§ BRIEF
Below are some entries. Repeat exactly the lines from the one with "blk = doc.blocks.new('*D8')" through the one with "blk.add_solid(points, dxfattribs=at)", and only those.

§ EXERCISE MATERIALS

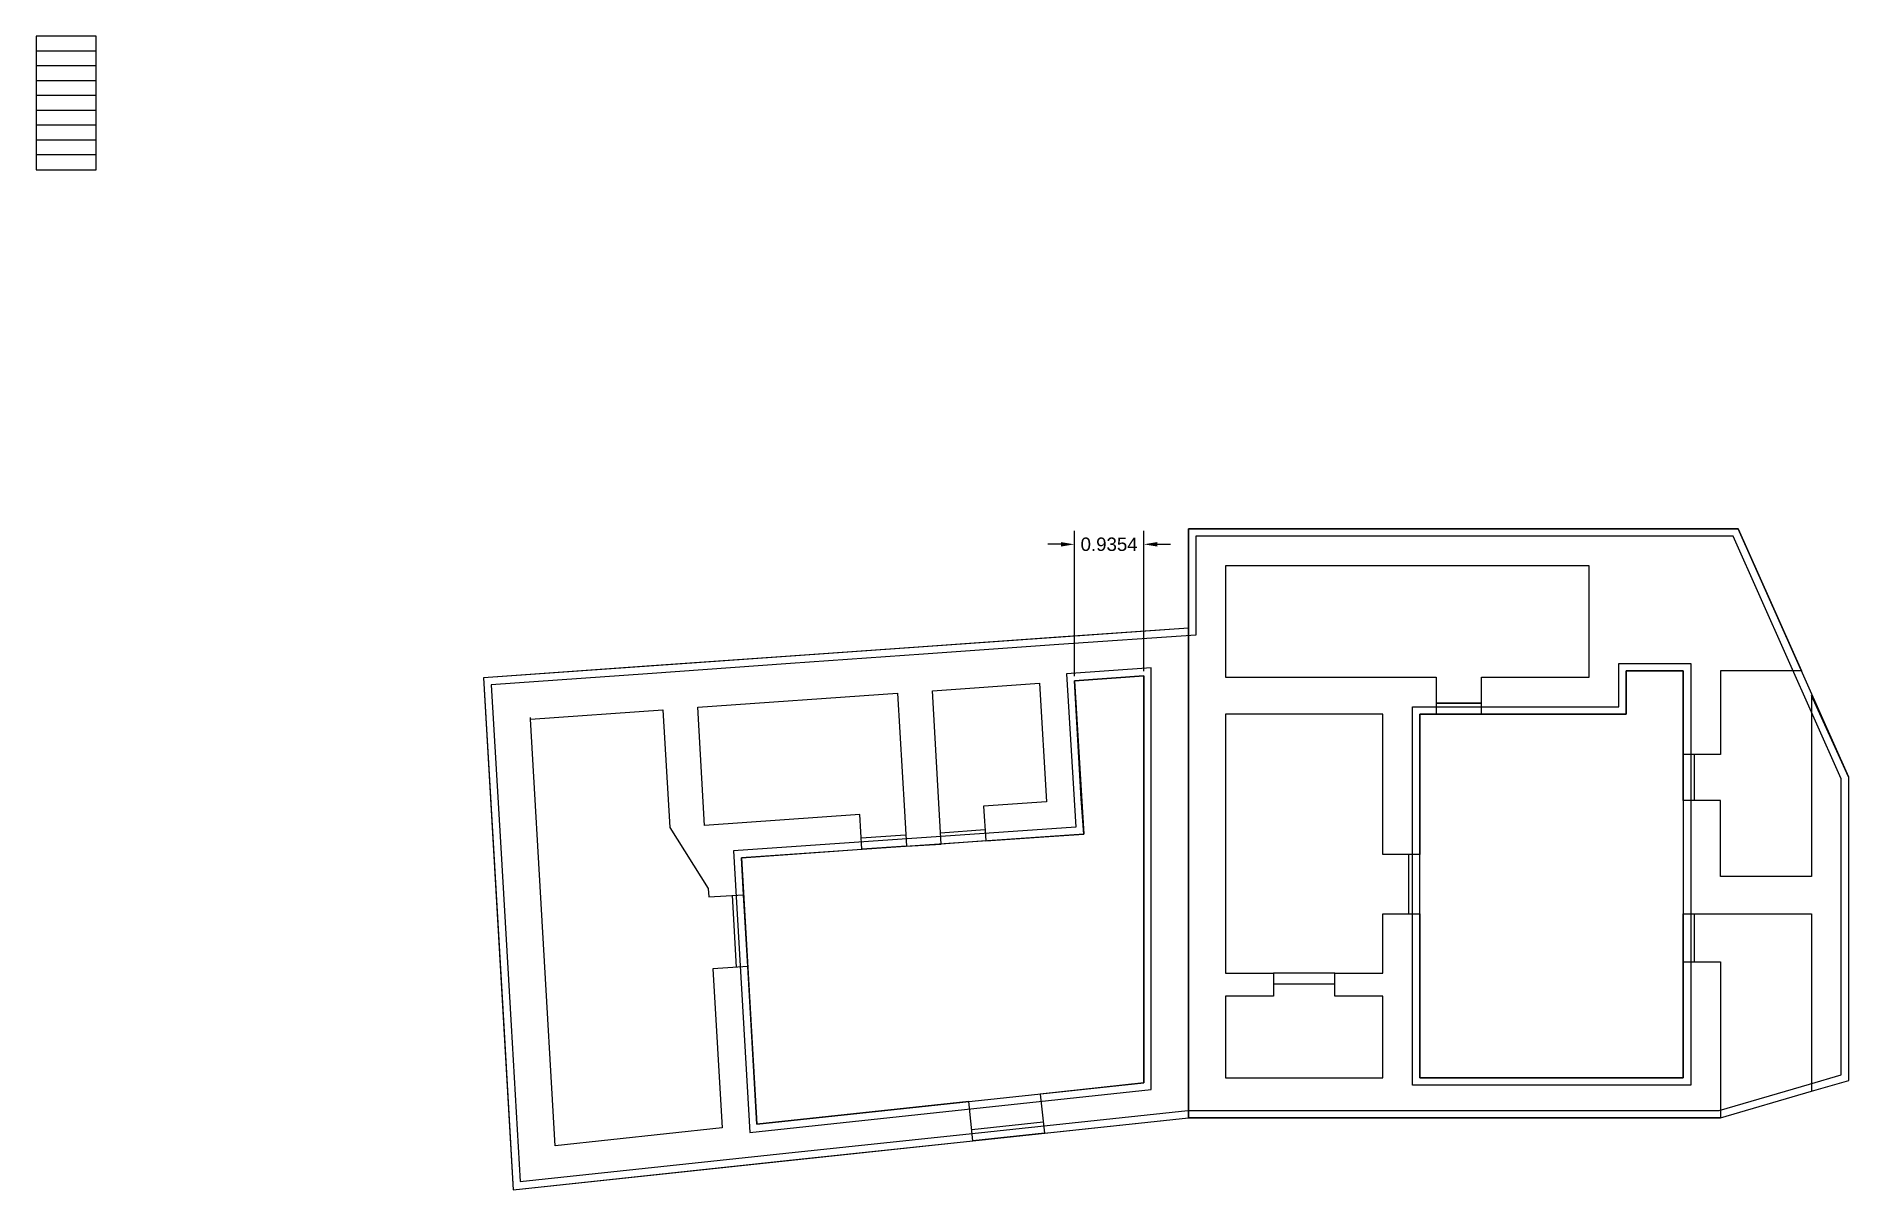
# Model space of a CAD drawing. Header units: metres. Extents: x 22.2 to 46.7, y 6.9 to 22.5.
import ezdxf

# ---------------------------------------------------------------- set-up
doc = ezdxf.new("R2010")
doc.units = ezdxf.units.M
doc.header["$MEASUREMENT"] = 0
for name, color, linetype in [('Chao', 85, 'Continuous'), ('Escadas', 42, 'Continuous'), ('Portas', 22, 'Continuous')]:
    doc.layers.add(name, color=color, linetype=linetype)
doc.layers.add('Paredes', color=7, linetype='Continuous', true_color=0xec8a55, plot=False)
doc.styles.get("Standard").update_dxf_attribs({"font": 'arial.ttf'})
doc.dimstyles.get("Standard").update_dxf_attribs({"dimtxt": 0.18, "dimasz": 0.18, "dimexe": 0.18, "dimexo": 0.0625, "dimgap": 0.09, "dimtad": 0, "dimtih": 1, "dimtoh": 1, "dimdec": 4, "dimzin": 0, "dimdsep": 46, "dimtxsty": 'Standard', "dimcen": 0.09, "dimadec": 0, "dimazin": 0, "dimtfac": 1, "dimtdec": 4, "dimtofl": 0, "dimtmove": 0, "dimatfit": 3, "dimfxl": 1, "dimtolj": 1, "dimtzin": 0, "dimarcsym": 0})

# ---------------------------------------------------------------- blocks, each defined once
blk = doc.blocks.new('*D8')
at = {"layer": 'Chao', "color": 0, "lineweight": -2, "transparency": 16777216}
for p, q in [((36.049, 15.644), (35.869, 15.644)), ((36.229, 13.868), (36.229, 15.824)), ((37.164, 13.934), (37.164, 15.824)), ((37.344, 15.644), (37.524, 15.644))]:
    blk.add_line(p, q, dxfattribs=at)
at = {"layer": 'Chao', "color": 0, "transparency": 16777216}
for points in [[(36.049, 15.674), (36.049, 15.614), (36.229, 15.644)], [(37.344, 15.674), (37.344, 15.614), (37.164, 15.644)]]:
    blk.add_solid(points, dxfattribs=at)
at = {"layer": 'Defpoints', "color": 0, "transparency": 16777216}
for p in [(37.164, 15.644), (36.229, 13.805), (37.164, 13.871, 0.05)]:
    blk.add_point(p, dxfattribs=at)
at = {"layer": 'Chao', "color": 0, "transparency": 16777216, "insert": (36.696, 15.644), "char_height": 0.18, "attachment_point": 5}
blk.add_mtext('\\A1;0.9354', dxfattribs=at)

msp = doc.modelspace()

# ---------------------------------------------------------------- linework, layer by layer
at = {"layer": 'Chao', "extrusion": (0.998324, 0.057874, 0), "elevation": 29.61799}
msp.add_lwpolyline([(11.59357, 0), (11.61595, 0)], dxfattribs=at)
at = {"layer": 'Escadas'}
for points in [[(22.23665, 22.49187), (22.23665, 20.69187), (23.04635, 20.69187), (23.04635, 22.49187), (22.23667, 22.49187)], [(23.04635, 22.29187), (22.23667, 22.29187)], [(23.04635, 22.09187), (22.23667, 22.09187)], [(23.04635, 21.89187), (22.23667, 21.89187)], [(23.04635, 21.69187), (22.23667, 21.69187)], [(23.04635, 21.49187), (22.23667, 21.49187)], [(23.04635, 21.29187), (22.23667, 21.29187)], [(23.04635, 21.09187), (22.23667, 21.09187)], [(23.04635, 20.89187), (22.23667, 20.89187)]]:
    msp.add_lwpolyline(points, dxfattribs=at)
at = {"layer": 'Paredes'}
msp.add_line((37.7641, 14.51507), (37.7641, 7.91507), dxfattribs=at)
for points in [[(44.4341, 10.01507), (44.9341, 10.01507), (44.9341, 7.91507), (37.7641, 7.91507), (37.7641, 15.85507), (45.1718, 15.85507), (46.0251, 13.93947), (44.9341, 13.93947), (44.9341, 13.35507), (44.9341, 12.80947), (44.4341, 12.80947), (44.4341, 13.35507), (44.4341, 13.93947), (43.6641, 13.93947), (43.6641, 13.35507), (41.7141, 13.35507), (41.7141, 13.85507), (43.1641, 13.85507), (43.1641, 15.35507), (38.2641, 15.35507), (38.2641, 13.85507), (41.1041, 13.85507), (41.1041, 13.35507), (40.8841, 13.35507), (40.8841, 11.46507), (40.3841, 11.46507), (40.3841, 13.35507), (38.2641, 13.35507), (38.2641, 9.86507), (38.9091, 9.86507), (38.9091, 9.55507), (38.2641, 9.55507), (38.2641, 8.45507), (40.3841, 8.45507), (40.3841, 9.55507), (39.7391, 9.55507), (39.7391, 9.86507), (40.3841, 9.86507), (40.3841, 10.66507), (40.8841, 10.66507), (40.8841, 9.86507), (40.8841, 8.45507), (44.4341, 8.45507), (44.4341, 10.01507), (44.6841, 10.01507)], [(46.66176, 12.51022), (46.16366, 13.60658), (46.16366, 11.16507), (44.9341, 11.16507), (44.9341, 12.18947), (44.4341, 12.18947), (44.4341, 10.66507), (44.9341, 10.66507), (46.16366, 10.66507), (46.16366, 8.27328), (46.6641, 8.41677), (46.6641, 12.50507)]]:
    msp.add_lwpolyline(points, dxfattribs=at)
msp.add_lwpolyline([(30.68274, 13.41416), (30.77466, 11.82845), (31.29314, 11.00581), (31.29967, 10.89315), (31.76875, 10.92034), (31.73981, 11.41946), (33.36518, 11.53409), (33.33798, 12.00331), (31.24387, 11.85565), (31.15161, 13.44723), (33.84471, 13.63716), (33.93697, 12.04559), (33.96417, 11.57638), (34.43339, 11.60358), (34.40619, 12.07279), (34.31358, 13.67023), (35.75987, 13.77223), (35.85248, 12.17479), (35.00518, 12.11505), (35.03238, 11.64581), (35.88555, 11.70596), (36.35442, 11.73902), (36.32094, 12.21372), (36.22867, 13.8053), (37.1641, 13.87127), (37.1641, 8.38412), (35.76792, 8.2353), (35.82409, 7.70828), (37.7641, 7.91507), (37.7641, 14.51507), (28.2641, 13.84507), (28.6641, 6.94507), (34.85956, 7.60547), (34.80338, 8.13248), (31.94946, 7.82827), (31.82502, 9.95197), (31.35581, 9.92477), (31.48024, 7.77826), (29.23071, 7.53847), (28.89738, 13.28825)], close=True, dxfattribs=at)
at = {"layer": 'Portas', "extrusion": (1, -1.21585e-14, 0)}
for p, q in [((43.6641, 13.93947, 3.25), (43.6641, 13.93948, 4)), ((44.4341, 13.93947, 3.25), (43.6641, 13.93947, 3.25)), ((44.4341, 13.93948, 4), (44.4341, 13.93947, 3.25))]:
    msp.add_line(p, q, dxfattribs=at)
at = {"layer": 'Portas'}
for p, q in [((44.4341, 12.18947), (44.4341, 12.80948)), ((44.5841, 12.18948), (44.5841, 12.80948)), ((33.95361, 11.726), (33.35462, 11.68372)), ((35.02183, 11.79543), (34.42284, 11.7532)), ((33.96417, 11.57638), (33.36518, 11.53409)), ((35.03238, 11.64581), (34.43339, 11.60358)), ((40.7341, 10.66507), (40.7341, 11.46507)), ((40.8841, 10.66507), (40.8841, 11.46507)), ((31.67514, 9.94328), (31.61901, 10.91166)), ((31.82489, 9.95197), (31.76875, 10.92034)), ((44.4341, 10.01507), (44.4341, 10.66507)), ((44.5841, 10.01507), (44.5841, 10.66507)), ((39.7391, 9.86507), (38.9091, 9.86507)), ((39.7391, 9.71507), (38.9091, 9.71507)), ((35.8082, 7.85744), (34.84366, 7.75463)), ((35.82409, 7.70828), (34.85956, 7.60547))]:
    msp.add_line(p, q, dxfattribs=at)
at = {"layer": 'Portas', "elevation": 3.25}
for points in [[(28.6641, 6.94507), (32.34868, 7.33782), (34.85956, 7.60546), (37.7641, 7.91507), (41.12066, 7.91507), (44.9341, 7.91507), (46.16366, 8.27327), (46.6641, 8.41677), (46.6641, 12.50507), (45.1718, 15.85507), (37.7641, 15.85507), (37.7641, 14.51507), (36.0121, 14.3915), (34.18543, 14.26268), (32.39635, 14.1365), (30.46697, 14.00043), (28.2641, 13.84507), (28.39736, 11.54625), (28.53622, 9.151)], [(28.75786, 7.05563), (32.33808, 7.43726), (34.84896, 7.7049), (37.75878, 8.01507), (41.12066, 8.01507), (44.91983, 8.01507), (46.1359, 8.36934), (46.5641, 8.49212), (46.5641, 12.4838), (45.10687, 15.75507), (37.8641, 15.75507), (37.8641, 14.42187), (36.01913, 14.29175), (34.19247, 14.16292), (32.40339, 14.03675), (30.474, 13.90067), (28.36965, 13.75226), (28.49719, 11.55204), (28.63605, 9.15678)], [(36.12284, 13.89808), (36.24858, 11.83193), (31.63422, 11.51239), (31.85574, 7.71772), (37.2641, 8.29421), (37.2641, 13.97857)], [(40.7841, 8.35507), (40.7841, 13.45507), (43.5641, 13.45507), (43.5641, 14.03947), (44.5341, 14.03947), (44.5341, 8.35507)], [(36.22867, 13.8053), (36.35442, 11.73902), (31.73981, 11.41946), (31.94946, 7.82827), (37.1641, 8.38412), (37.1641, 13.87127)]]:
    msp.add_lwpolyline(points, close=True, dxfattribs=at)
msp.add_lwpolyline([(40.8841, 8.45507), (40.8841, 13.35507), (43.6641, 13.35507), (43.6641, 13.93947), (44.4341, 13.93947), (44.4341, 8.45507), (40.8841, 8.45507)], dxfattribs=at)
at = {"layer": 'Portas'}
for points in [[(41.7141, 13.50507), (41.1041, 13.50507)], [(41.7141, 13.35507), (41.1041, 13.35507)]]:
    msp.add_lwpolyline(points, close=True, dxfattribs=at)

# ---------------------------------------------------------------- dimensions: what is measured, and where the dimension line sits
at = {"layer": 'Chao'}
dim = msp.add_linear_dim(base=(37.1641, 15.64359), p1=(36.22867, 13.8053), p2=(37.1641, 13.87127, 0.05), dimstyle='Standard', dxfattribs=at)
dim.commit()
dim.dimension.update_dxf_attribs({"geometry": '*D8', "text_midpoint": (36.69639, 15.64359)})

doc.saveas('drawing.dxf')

§ FINISHED TASK
blk = doc.blocks.new('*D8')
at = {"layer": 'Chao', "color": 0, "lineweight": -2, "transparency": 16777216}
for p, q in [((36.049, 15.644), (35.869, 15.644)), ((36.229, 13.868), (36.229, 15.824)), ((37.164, 13.934), (37.164, 15.824)), ((37.344, 15.644), (37.524, 15.644))]:
    blk.add_line(p, q, dxfattribs=at)
at = {"layer": 'Chao', "color": 0, "transparency": 16777216}
for points in [[(36.049, 15.674), (36.049, 15.614), (36.229, 15.644)], [(37.344, 15.674), (37.344, 15.614), (37.164, 15.644)]]:
    blk.add_solid(points, dxfattribs=at)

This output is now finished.